● **Activity**:
Look through the material and copy each line holding "offset".

══ Records for the task ══

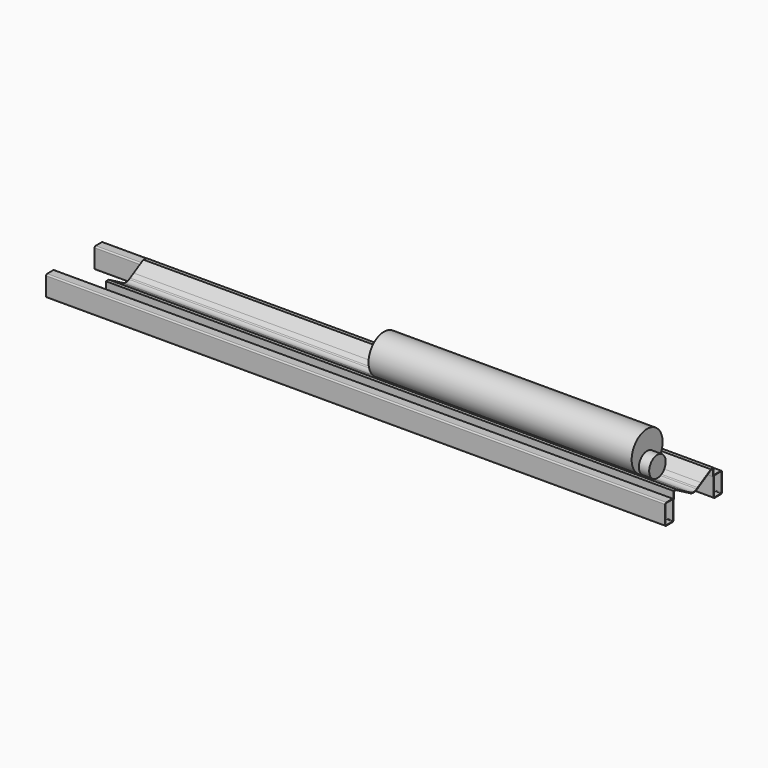
from build123d import *

# Parameters (mm, degrees)
F1_DEPTH = 6096
F2_DEPTH = 5588
F3_START = -355.6
F3_DEPTH = 2692.4
F4_START = -457.2
F4_DEPTH = 2590.8


# Not quite as in the source:
# - a feature names something its author has since deleted; it is built from what else it names


with BuildPart() as f1:
    # F0 (on Right) → F1 (new body)
    with BuildSketch(Plane.YZ):
        with BuildLine():
            Line((-278.751844046, 57.15), (-336.55, 57.15))
            ThreePointArc((-336.55, 57.15), (-345.5302561211, 53.4302561211), (-349.25, 44.45))
            Line((-349.25, 44.45), (-349.25, -133.35))
            ThreePointArc((-349.25, -133.35), (-345.5302561211, -142.3302561211), (-336.55, -146.05))
            Line((-336.55, -146.05), (-260.35, -146.05))
            ThreePointArc((-260.35, -146.05), (-251.3697438789, -142.3302561211), (-247.65, -133.35))
            Line((-247.65, -133.35), (-247.65, 44.45))
            ThreePointArc((-247.65, 44.45), (-251.3697438789, 53.4302561211), (-260.35, 57.15))
            Line((-260.35, 57.15), (-268.1402802436, 57.15))
            Line((-268.1402802436, 57.15), (-269.3472818438, 57.15))
            Line((-269.3472818438, 57.15), (-278.751844046, 57.15))
        make_face()
        with BuildLine():
            ThreePointArc((-342.9, 44.45), (-341.0401280605, 48.9401280605), (-336.55, 50.8))
            Line((-336.55, 50.8), (-260.35, 50.8))
            ThreePointArc((-260.35, 50.8), (-255.8598719395, 48.9401280605), (-254, 44.45))
            Line((-254, 44.45), (-254, -133.35))
            ThreePointArc((-254, -133.35), (-255.8598719395, -137.8401280605), (-260.35, -139.7))
            Line((-260.35, -139.7), (-336.55, -139.7))
            ThreePointArc((-336.55, -139.7), (-341.0401280605, -137.8401280605), (-342.9, -133.35))
            Line((-342.9, -133.35), (-342.9, 44.45))
        make_face(mode=Mode.SUBTRACT)
    extrude(amount=-F1_DEPTH)


with BuildPart() as f1b:
    # F0 (on Right) → F1, piece 2 (new body)
    with BuildSketch(Plane.YZ):
        with BuildLine():
            ThreePointArc((260.35, 57.15), (251.3697438789, 53.4302561211), (247.65, 44.45))
            Line((247.65, 44.45), (247.65, -133.35))
            ThreePointArc((247.65, -133.35), (251.3697438789, -142.3302561211), (260.35, -146.05))
            Line((260.35, -146.05), (336.55, -146.05))
            ThreePointArc((336.55, -146.05), (345.5302561211, -142.3302561211), (349.25, -133.35))
            Line((349.25, -133.35), (349.25, 44.45))
            ThreePointArc((349.25, 44.45), (345.5302561211, 53.4302561211), (336.55, 57.15))
            Line((336.55, 57.15), (260.35, 57.15))
        make_face()
        with BuildLine():
            Line((260.35, 50.8), (336.55, 50.8))
            ThreePointArc((336.55, 50.8), (341.0401280605, 48.9401280605), (342.9, 44.45))
            Line((342.9, 44.45), (342.9, -133.35))
            ThreePointArc((342.9, -133.35), (341.0401280605, -137.8401280605), (336.55, -139.7))
            Line((336.55, -139.7), (260.35, -139.7))
            ThreePointArc((260.35, -139.7), (255.8598719395, -137.8401280605), (254, -133.35))
            Line((254, -133.35), (254, 44.45))
            ThreePointArc((254, 44.45), (255.8598719395, 48.9401280605), (260.35, 50.8))
        make_face(mode=Mode.SUBTRACT)
    extrude(amount=-F1_DEPTH)


with BuildPart() as f2:
    # F0 (on Right) → F2 (new body)
    with BuildSketch(Plane.YZ):
        with BuildLine():
            Line((-247.65, 120.65), (-247.65, 44.45))
            Line((-247.65, 44.45), (-241.3, 44.45))
            Line((-241.3, 44.45), (-241.3, 114.3))
            Line((-241.3, 114.3), (-214.7923633436, 114.3))
            Line((-214.7923633436, 114.3), (-40.6681247176, 15.7258547021))
            ThreePointArc((-40.6681247176, 15.7258547021), (0, 5.0132135897), (40.6681247176, 15.7258547021))
            Line((40.6681247176, 15.7258547021), (214.7923633436, 114.3))
            Line((214.7923633436, 114.3), (241.3, 114.3))
            Line((241.3, 114.3), (241.3, 44.45))
            Line((241.3, 44.45), (247.65, 44.45))
            Line((247.65, 44.45), (247.65, 120.65))
            Line((247.65, 120.65), (213.1196707487, 120.65))
            Line((213.1196707487, 120.65), (93.8495232493, 53.1295161083))
            Line((93.8495232493, 53.1295161083), (50.0530768875, 28.3357406909))
            Line((50.0530768875, 28.3357406909), (37.5398074317, 21.2518053858))
            ThreePointArc((37.5398074317, 21.2518053858), (0, 11.3632135897), (-37.5398074317, 21.2518053858))
            Line((-37.5398074317, 21.2518053858), (-50.0530764944, 28.3357404684))
            Line((-50.0530764944, 28.3357404684), (-93.8495233688, 53.1295161759))
            Line((-93.8495233688, 53.1295161759), (-213.1196707487, 120.65))
            Line((-213.1196707487, 120.65), (-247.65, 120.65))
        make_face()
    extrude(amount=-F2_DEPTH)


with BuildPart() as f3:
    # F0 (on Right) → F3 (new body)
    with BuildSketch(Plane.YZ.offset(F3_START)):
        with BuildLine():
            ThreePointArc((-67.4075244001, 40.7326269894), (-59.0564889701, 34.0775511932), (-50.0530764944, 28.3357404684))
            ThreePointArc((-50.0530764944, 28.3357404684), (2.258e-07, 15.150951453), (50.0530768875, 28.3357406909))
            ThreePointArc((50.0530768875, 28.3357406909), (59.0564891539, 34.0775513244), (67.4075244001, 40.7326269894))
            ThreePointArc((67.4075244001, 40.7326269894), (0, 28.4080339743), (-67.4075244001, 40.7326269894))
        make_face()
        with BuildLine():
            ThreePointArc((101.6, 116.750951453), (-41.6770651615, 209.4093684453), (-67.4075244001, 40.7326269894))
            ThreePointArc((-67.4075244001, 40.7326269894), (0, 28.4080339743), (67.4075244001, 40.7326269894))
            ThreePointArc((67.4075244001, 40.7326269894), (92.6584169923, 75.0738862915), (101.6, 116.750951453))
        make_face()
    extrude(amount=-F3_DEPTH)


with BuildPart() as f4:
    # F0 (on Right) → F4 (new body)
    with BuildSketch(Plane.YZ.offset(F4_START)):
        with BuildLine():
            ThreePointArc((190.5, 218.9080339743), (-95.9476831358, 383.4810940446), (-93.8495233688, 53.1295161759))
            ThreePointArc((-93.8495233688, 53.1295161759), (-80.8664304836, 46.4236276622), (-67.4075244001, 40.7326269894))
            ThreePointArc((-67.4075244001, 40.7326269894), (-41.6770651615, 209.4093684453), (101.6, 116.750951453))
            ThreePointArc((101.6, 116.750951453), (92.6584169923, 75.0738862915), (67.4075244001, 40.7326269894))
            ThreePointArc((67.4075244001, 40.7326269894), (80.8664304214, 46.4236276331), (93.8495232493, 53.1295161083))
            ThreePointArc((93.8495232493, 53.1295161083), (164.5730600356, 122.9603507793), (190.5, 218.9080339743))
        make_face()
        with BuildLine():
            ThreePointArc((101.6, 116.750951453), (-41.6770651615, 209.4093684453), (-67.4075244001, 40.7326269894))
            ThreePointArc((-67.4075244001, 40.7326269894), (0, 28.4080339743), (67.4075244001, 40.7326269894))
            ThreePointArc((67.4075244001, 40.7326269894), (92.6584169923, 75.0738862915), (101.6, 116.750951453))
        make_face()
    extrude(amount=-F4_DEPTH)


solid = Compound([f1.part, f1b.part, f2.part, f3.part, f4.part])

═══

● **Exercise output**:
    with BuildSketch(Plane.YZ.offset(F3_START)):
    with BuildSketch(Plane.YZ.offset(F4_START)):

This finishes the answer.